Hypothesis Test (2 Sample T-test)¶

Performing a hypothesis test on 20 before and after samples. This method can be utilized to measure process improvement impacts on a process.

Null Hypothesis (H0): Scores between the samples is the same.

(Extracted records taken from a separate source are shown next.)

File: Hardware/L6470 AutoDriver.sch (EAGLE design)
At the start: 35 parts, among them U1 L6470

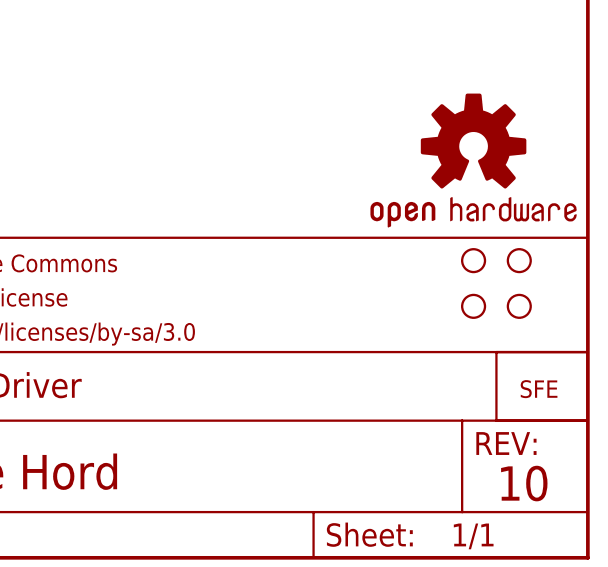
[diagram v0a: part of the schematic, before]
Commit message: Production ready
created 4 board panel; added fiducials
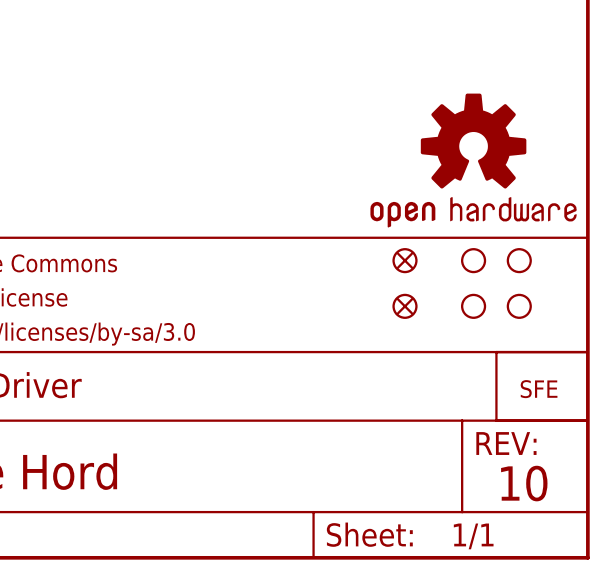
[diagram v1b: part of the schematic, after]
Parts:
- added FID1, FID2: FIDUCIALUFIDUCIAL, SparkFun-Aesthetics:FIDUCIALUFIDUCIAL
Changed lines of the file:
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@@
 <part name="SJ2" library="SparkFun-Passives" deviceset="2PT_GND_TIE" device=""/>
 <part name="U$4" library="SparkFun-Aesthetics" deviceset="FOUR_LAYER_WARNING" device=""/>
+<part name="FID1" library="SparkFun-Aesthetics" deviceset="FIDUCIAL" device="UFIDUCIAL"/>
+<part name="FID2" library="SparkFun-Aesthetics" deviceset="FIDUCIAL" device="UFIDUCIAL"/>
 </parts>
 <sheets>
@@
 <instance part="SJ2" gate="G$1" x="114.3" y="60.96"/>
 <instance part="U$4" gate="G$1" x="147.32" y="36.068"/>
+<instance part="FID1" gate="G$1" x="228.6" y="33.02"/>
+<instance part="FID2" gate="G$1" x="228.6" y="27.94"/>
 </instances>
 <busses>

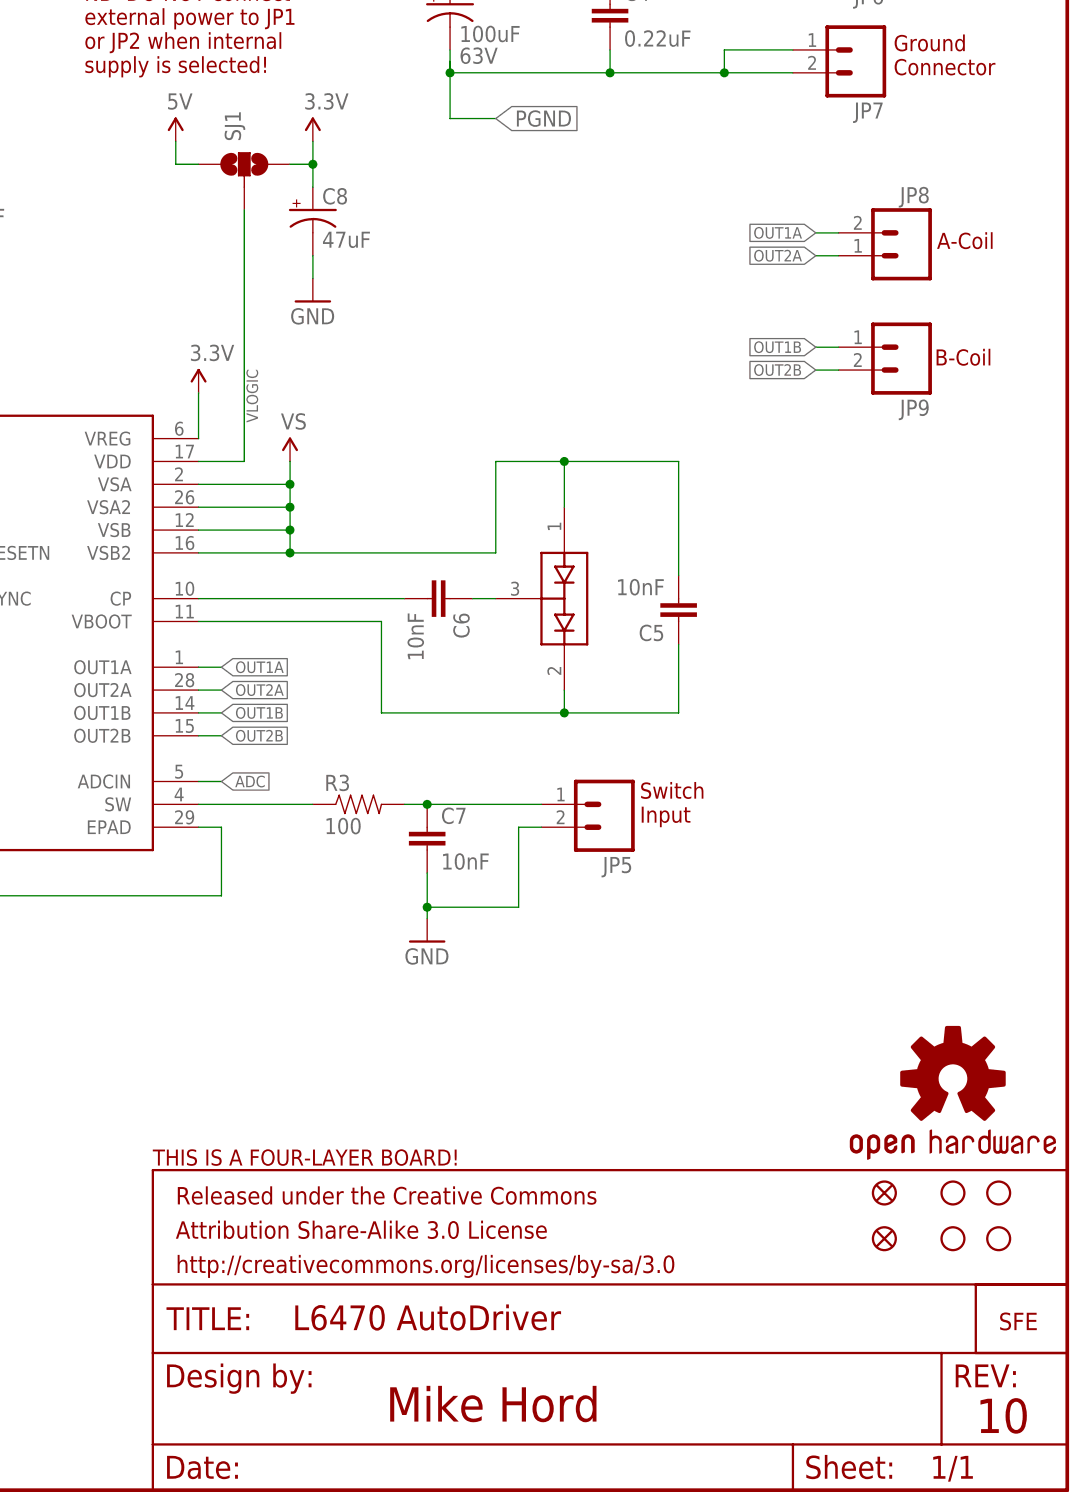
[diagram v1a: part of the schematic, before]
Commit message: 0603 update, Sch work, cap change
Updated res/caps to 0603
large cap updated to smaller silk/pad size
jumper indicator added, OSHW logo upgraded
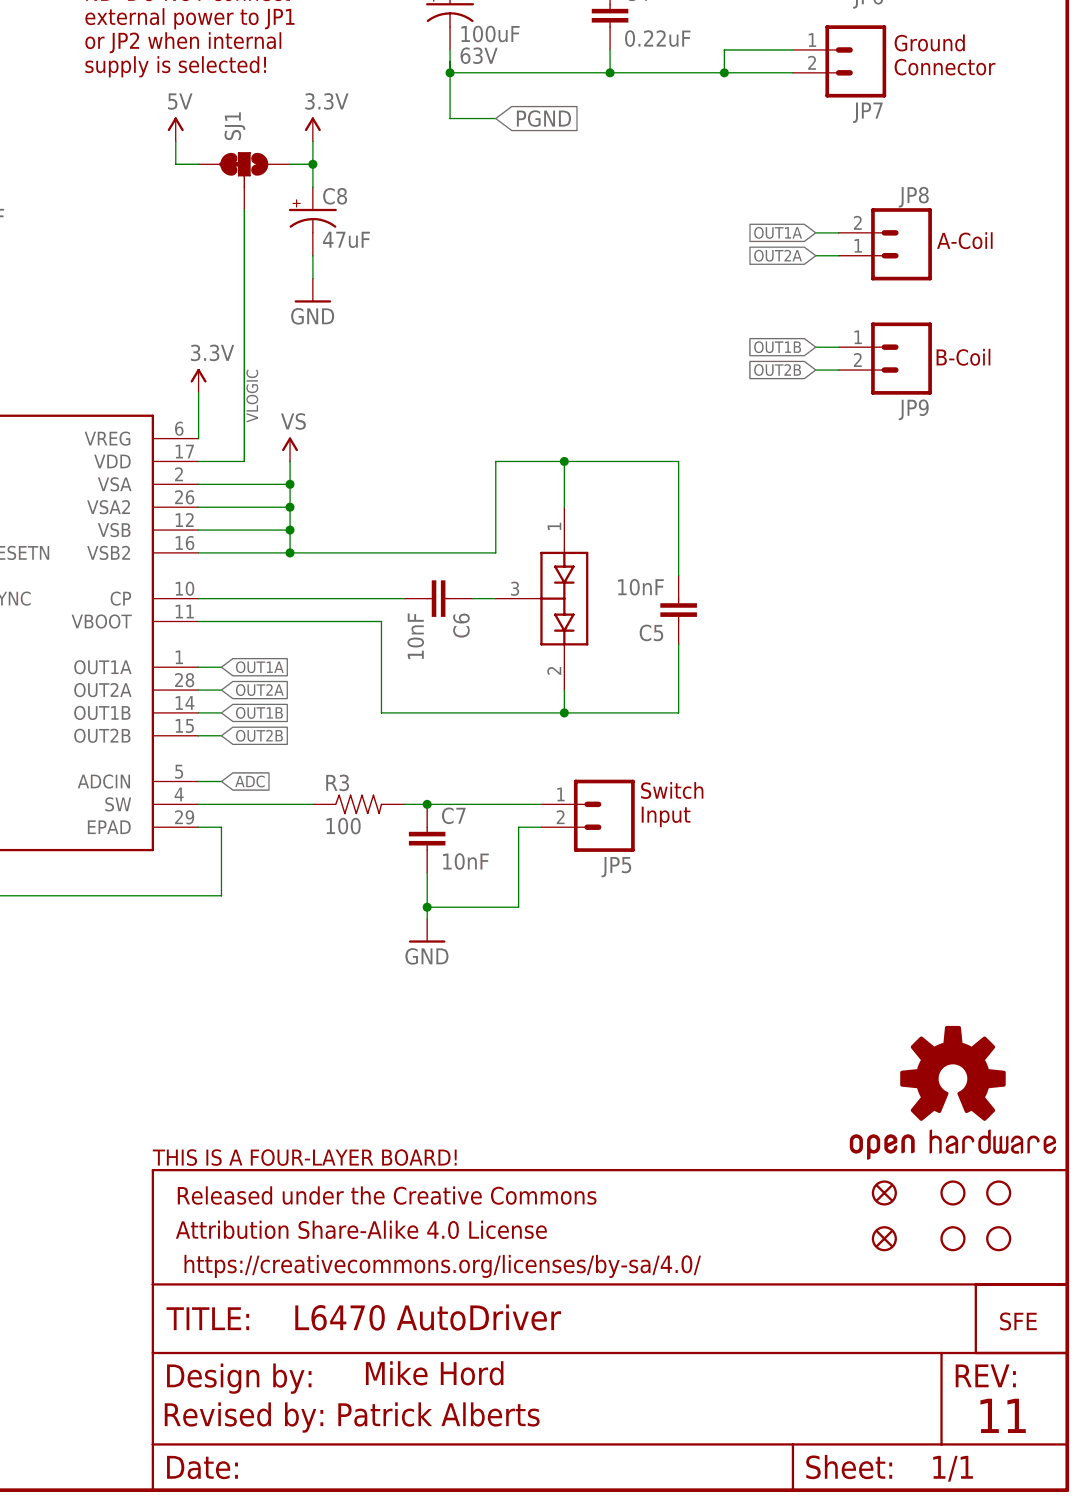
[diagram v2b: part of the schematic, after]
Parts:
- C1: device SparkFun-Capacitors:.1UF-CER -> SparkFun-Capacitors:0.1UF-25V(+80/-20%)(0603)
- C3: device SparkFun-Capacitors:100UF-ELECT -> SparkFun-Capacitors:CAP_POLD
- C4: device SparkFun-Capacitors:.22UF-CER -> SparkFun-Capacitors:0.22UF50V-20%,+80%(0603)
- C5, C6, C7: device SparkFun-Capacitors:10NF-CER -> SparkFun-Capacitors:10NF/10000PF-50V-10%(0603)
- LOGO1: value OSHW-LOGOS -> OSHW-LOGOM; device SparkFun:OSHW-LOGOS -> SparkFun-Aesthetics:OSHW-LOGOM
- R1, R2: device SparkFun-Resistors:10K-1%RES-00824 -> SparkFun-Resistors:10KOHM1/10W1%(0603)0603
- R3: device SparkFun-Resistors:100-1% -> SparkFun-Resistors:100OHM1/10W1%(0603)
- R5: device SparkFun-Resistors:8.2K-5% -> SparkFun-Resistors:8.2KOHM-1/10W-5%(0603)
- R6: device SparkFun-Resistors:33K-1% -> SparkFun-Resistors:33KOHM1/10W1%(0603)
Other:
- note added: "11"
- note added: "Revised by: Patrick Alberts"
- note removed: "10"
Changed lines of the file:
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@@
 <layer number="106" name="bPlate" color="7" fill="1" visible="no" active="yes"/>
 <layer number="107" name="Crop" color="7" fill="1" visible="no" active="yes"/>
+<layer number="108" name="tplace-old" color="10" fill="1" visible="no" active="yes"/>
+<layer number="109" name="ref-old" color="11" fill="1" visible="no" active="yes"/>
 <layer number="116" name="Patch_BOT" color="9" fill="4" visible="no" active="yes"/>
 <layer number="121" name="_tsilk" color="7" fill="1" visible="no" active="yes"/>
@@
 <part name="JP2" library="SparkFun-Connectors" deviceset="M05X2" device="SHD"/>
 <part name="GND2" library="SparkFun" deviceset="GND" device=""/>
-<part name="C1" library="SparkFun-Capacitors" deviceset=".1UF-CER" device="" value="0.1uF"/>
-<part name="R1" library="SparkFun-Resistors" deviceset="10K-1%" device="RES-00824" value="10k"/>
-<part name="R2" library="SparkFun-Resistors" deviceset="10K-1%" device="RES-00824" value="10k"/>
+<part name="C1" library="SparkFun-Capacitors" deviceset="0.1UF-25V(+80/-20%)(0603)" device="" value="0.1uF"/>
+<part name="R1" library="SparkFun-Resistors" deviceset="10KOHM1/10W1%(0603)" device="0603" value="10k"/>
+<part name="R2" library="SparkFun-Resistors" deviceset="10KOHM1/10W1%(0603)" device="0603" value="10k"/>
 <part name="GND3" library="SparkFun" deviceset="GND" device=""/>
 <part name="LOGO2" library="SparkFun" deviceset="LOGO-SFE" device="NEW"/>
@@
 <part name="GND6" library="SparkFun" deviceset="GND" device=""/>
 <part name="D1" library="SparkFun-DiscreteSemi" deviceset="BAV99" device="" value="BAV99"/>
-<part name="C6" library="SparkFun-Capacitors" deviceset="10NF-CER" device="" value="10nF"/>
-<part name="C5" library="SparkFun-Capacitors" deviceset="10NF-CER" device="" value="10nF"/>
-<part name="C4" library="SparkFun-Capacitors" deviceset=".22UF-CER" device="" value="0.22uF"/>
-<part name="C3" library="SparkFun-Capacitors" deviceset="100UF-ELECT" device="" value="100uF"/>
+<part name="C6" library="SparkFun-Capacitors" deviceset="10NF/10000PF-50V-10%(0603)" device="" value="10nF"/>
+<part name="C5" library="SparkFun-Capacitors" deviceset="10NF/10000PF-50V-10%(0603)" device="" value="10nF"/>
+<part name="C4" library="SparkFun-Capacitors" deviceset="0.22UF50V-20%,+80%(0603)" device="" value="0.22uF"/>
+<part name="C3" library="SparkFun-Capacitors" deviceset="CAP_POL" device="D" value="100uF"/>
 <part name="P+2" library="SparkFun" deviceset="VCC" device="" value="VS"/>
 <part name="JP7" library="SparkFun" deviceset="M02" device="3.5MM"/>
@@
 <part name="JP9" library="SparkFun" deviceset="M02" device="3.5MM"/>
 <part name="JP5" library="SparkFun" deviceset="M02" device="3.5MM"/>
-<part name="C7" library="SparkFun-Capacitors" deviceset="10NF-CER" device="" value="10nF"/>
-<part name="R3" library="SparkFun-Resistors" deviceset="100-1%" device="" value="100"/>
+<part name="C7" library="SparkFun-Capacitors" deviceset="10NF/10000PF-50V-10%(0603)" device="" value="10nF"/>
+<part name="R3" library="SparkFun-Resistors" deviceset="100OHM1/10W1%(0603)" device="" value="100"/>
 <part name="GND7" library="SparkFun" deviceset="GND" device=""/>
 <part name="R4" library="SparkFun" deviceset="POT" device="100K_3362U" value="200k"/>
-<part name="R5" library="SparkFun-Resistors" deviceset="8.2K-5%" device="" value="8.2k"/>
-<part name="R6" library="SparkFun-Resistors" deviceset="33K-1%" device="" value="33k"/>
+<part name="R5" library="SparkFun-Resistors" deviceset="8.2KOHM-1/10W-5%(0603)" device="" value="8.2k"/>
+<part name="R6" library="SparkFun-Resistors" deviceset="33KOHM1/10W1%(0603)" device="" value="33k"/>
 <part name="P+3" library="SparkFun" deviceset="VCC" device="" value="VS"/>
 <part name="GND8" library="SparkFun" deviceset="GND" device=""/>
@@
 <part name="STANDOFF1" library="SparkFun" deviceset="STAND-OFF" device=""/>
 <part name="STANDOFF3" library="SparkFun" deviceset="STAND-OFF" device=""/>
-<part name="LOGO1" library="SparkFun" deviceset="OSHW-LOGO" device="S"/>
+<part name="LOGO1" library="SparkFun-Aesthetics" deviceset="OSHW-LOGO" device="M"/>
 <part name="FRAME1" library="SparkFun-Aesthetics" deviceset="FRAME-LETTER" device=""/>
 <part name="SJ1" library="SparkFun-Passives" deviceset="SOLDERJUMPER_2WAY" device="PASTE1&amp;2"/>
@@
 <sheet>
 <plain>
-<text x="173.228" y="7.62" size="3.81" layer="94">Mike Hord</text>
-<text x="238.76" y="6.35" size="3.81" layer="94">10</text>
+<text x="170.688" y="11.684" size="2.54" layer="94">Mike Hord</text>
+<text x="238.76" y="6.35" size="3.81" layer="94">11</text>
 <text x="181.356" y="158.496" size="1.778" layer="96">63V</text>
 <text x="201.422" y="74.168" size="1.778" layer="94">Switch
@@
 CPOL=CPHA=1
 5 Mbit max</text>
+<text x="148.336" y="7.112" size="2.54" layer="94">Revised by: Patrick Alberts</text>
+<wire x1="157.48" y1="147.32" x2="154.94" y2="147.32" width="0.508" layer="94"/>
 </plain>
 <instances>

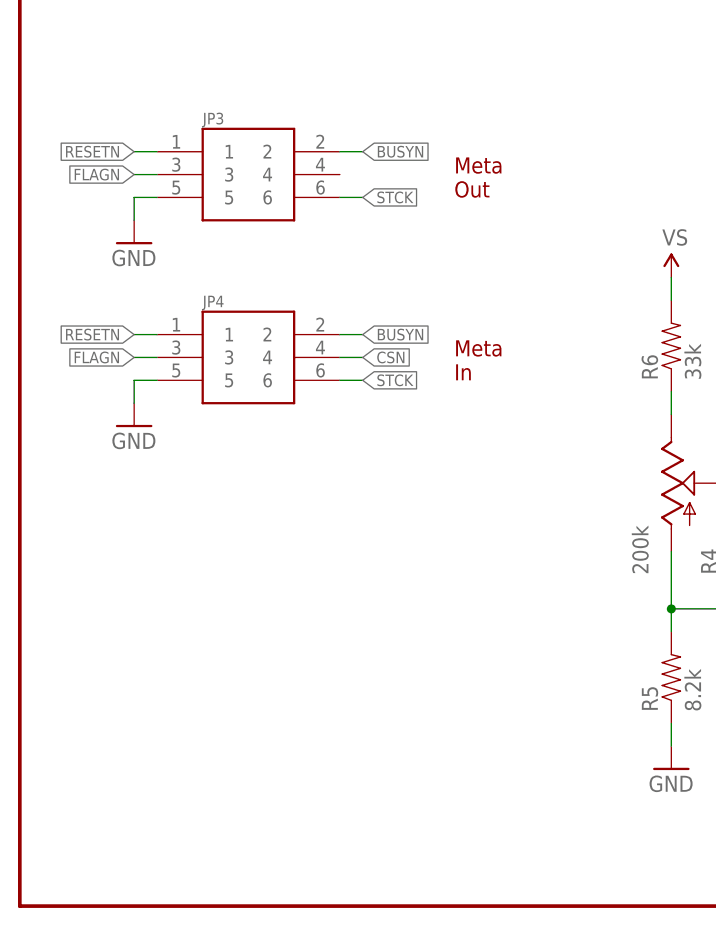
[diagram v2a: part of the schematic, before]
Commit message: Connect CSN to CSN_OUT, minor fixes
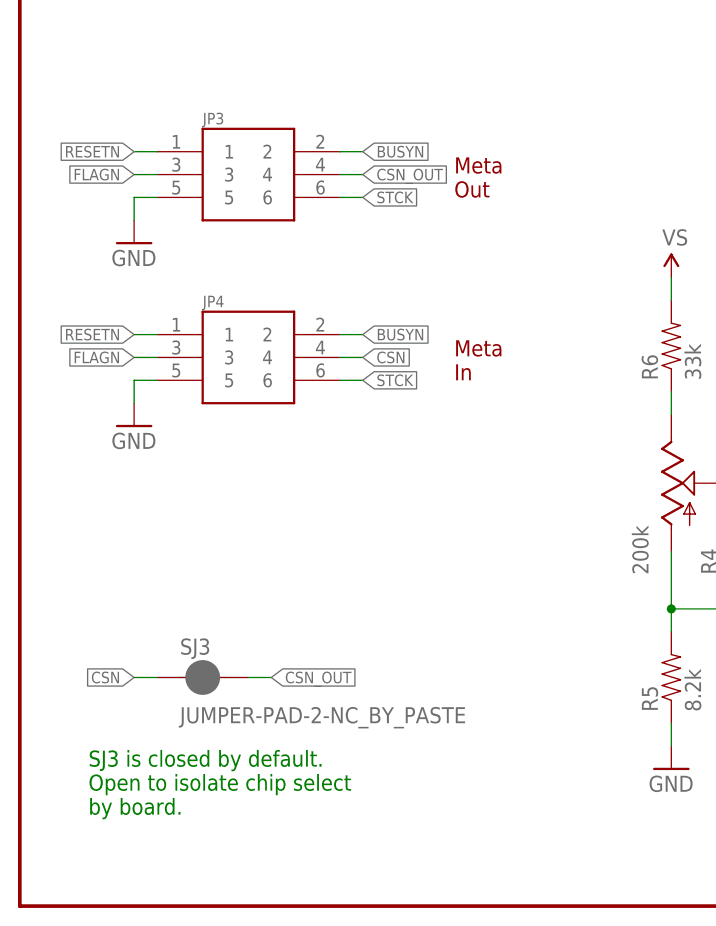
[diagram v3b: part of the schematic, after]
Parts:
- added SJ3: JUMPER-PAD-2-NC_BY_PASTE, SparkFun-Passives:JUMPER-PAD-2-NC_BY_PASTE
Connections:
- new net CSN_OUT: JP3.4, SJ3.2
- net CSN: now also SJ3.1
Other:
- note added: "SJ3 is closed by default. Open to isolate chip select by board."
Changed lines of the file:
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@@
 <?xml version="1.0" encoding="utf-8"?>
 <!DOCTYPE eagle SYSTEM "eagle.dtd">
-<eagle version="6.4">
+<eagle version="6.5.0">
 <drawing>
 <settings>
@@
 <layer number="254" name="cooling" color="7" fill="1" visible="no" active="yes"/>
 </layers>
-<schematic xreflabel="%F%N/%S.%C%R" xrefpart="/%S.%C%R">
+<schematic xreflabel="%F%N/%S" xrefpart="1_/%S.%C%R">
 <attributes>
 </attributes>
@@
 <part name="FID1" library="SparkFun-Aesthetics" deviceset="FIDUCIAL" device="UFIDUCIAL"/>
 <part name="FID2" library="SparkFun-Aesthetics" deviceset="FIDUCIAL" device="UFIDUCIAL"/>
+<part name="SJ3" library="SparkFun-Passives" deviceset="JUMPER-PAD-2-NC_BY_PASTE" device=""/>
 </parts>
 <sheets>
@@
 <text x="148.336" y="7.112" size="2.54" layer="94">Revised by: Patrick Alberts</text>
 <wire x1="157.48" y1="147.32" x2="154.94" y2="147.32" width="0.508" layer="94"/>
+<text x="7.62" y="10.16" size="1.778" layer="91">SJ3 is closed by default.
+Open to isolate chip select
+by board.</text>
 </plain>
 <instances>
@@
 <instance part="FID1" gate="G$1" x="228.6" y="33.02"/>
 <instance part="FID2" gate="G$1" x="228.6" y="27.94"/>
+<instance part="SJ3" gate="G$1" x="20.32" y="25.4"/>
 </instances>
 <busses>
@@
 <wire x1="35.56" y1="60.96" x2="38.1" y2="60.96" width="0.1524" layer="91"/>
 <label x="38.1" y="60.96" size="1.27" layer="95" xref="yes"/>
+</segment>
+<segment>
+<pinref part="SJ3" gate="G$1" pin="1"/>
+<wire x1="15.24" y1="25.4" x2="12.7" y2="25.4" width="0.1524" layer="91"/>
+<label x="12.7" y="25.4" size="1.27" layer="95" rot="R180" xref="yes"/>
 </segment>
 </net>
@@
 </segment>
 </net>
+<net name="CSN_OUT" class="0">
+<segment>
+<pinref part="JP3" gate="G$1" pin="4"/>
+<wire x1="35.56" y1="81.28" x2="38.1" y2="81.28" width="0.1524" layer="91"/>
+<label x="38.1" y="81.28" size="1.27" layer="95" xref="yes"/>
+</segment>
+<segment>
+<pinref part="SJ3" gate="G$1" pin="2"/>
+<wire x1="25.4" y1="25.4" x2="27.94" y2="25.4" width="0.1524" layer="91"/>
+<label x="27.94" y="25.4" size="1.27" layer="95" xref="yes"/>
+</segment>
+</net>

First 20 samples = last 20 samples

Alternative Hypothesis (H1): Scores for the samples is different.

Charts:

🌐 Plotly Point Plot

🌐 Plotly Line Chart

🌐 Plotly Boxplot

🌐 Plotly Histogram


Import data¶

In [15]:
# Libraries
import pandas as pd
import numpy as np
import scipy.stats as st
import matplotlib.pyplot as plt
import seaborn as sns
In [16]:
# Data
df = pd.read_excel('my_data.xlsx')
df['index'] = df.index
df.head()
Out[16]:
scores index
0 30 0
1 29 1
2 35 2
3 29 3
4 29 4
In [17]:
# Isolate the last twenty and the to last twenty
last_twenty = df['scores'].iloc[-20:]
first_twenty = df['scores'].iloc[-40:-20]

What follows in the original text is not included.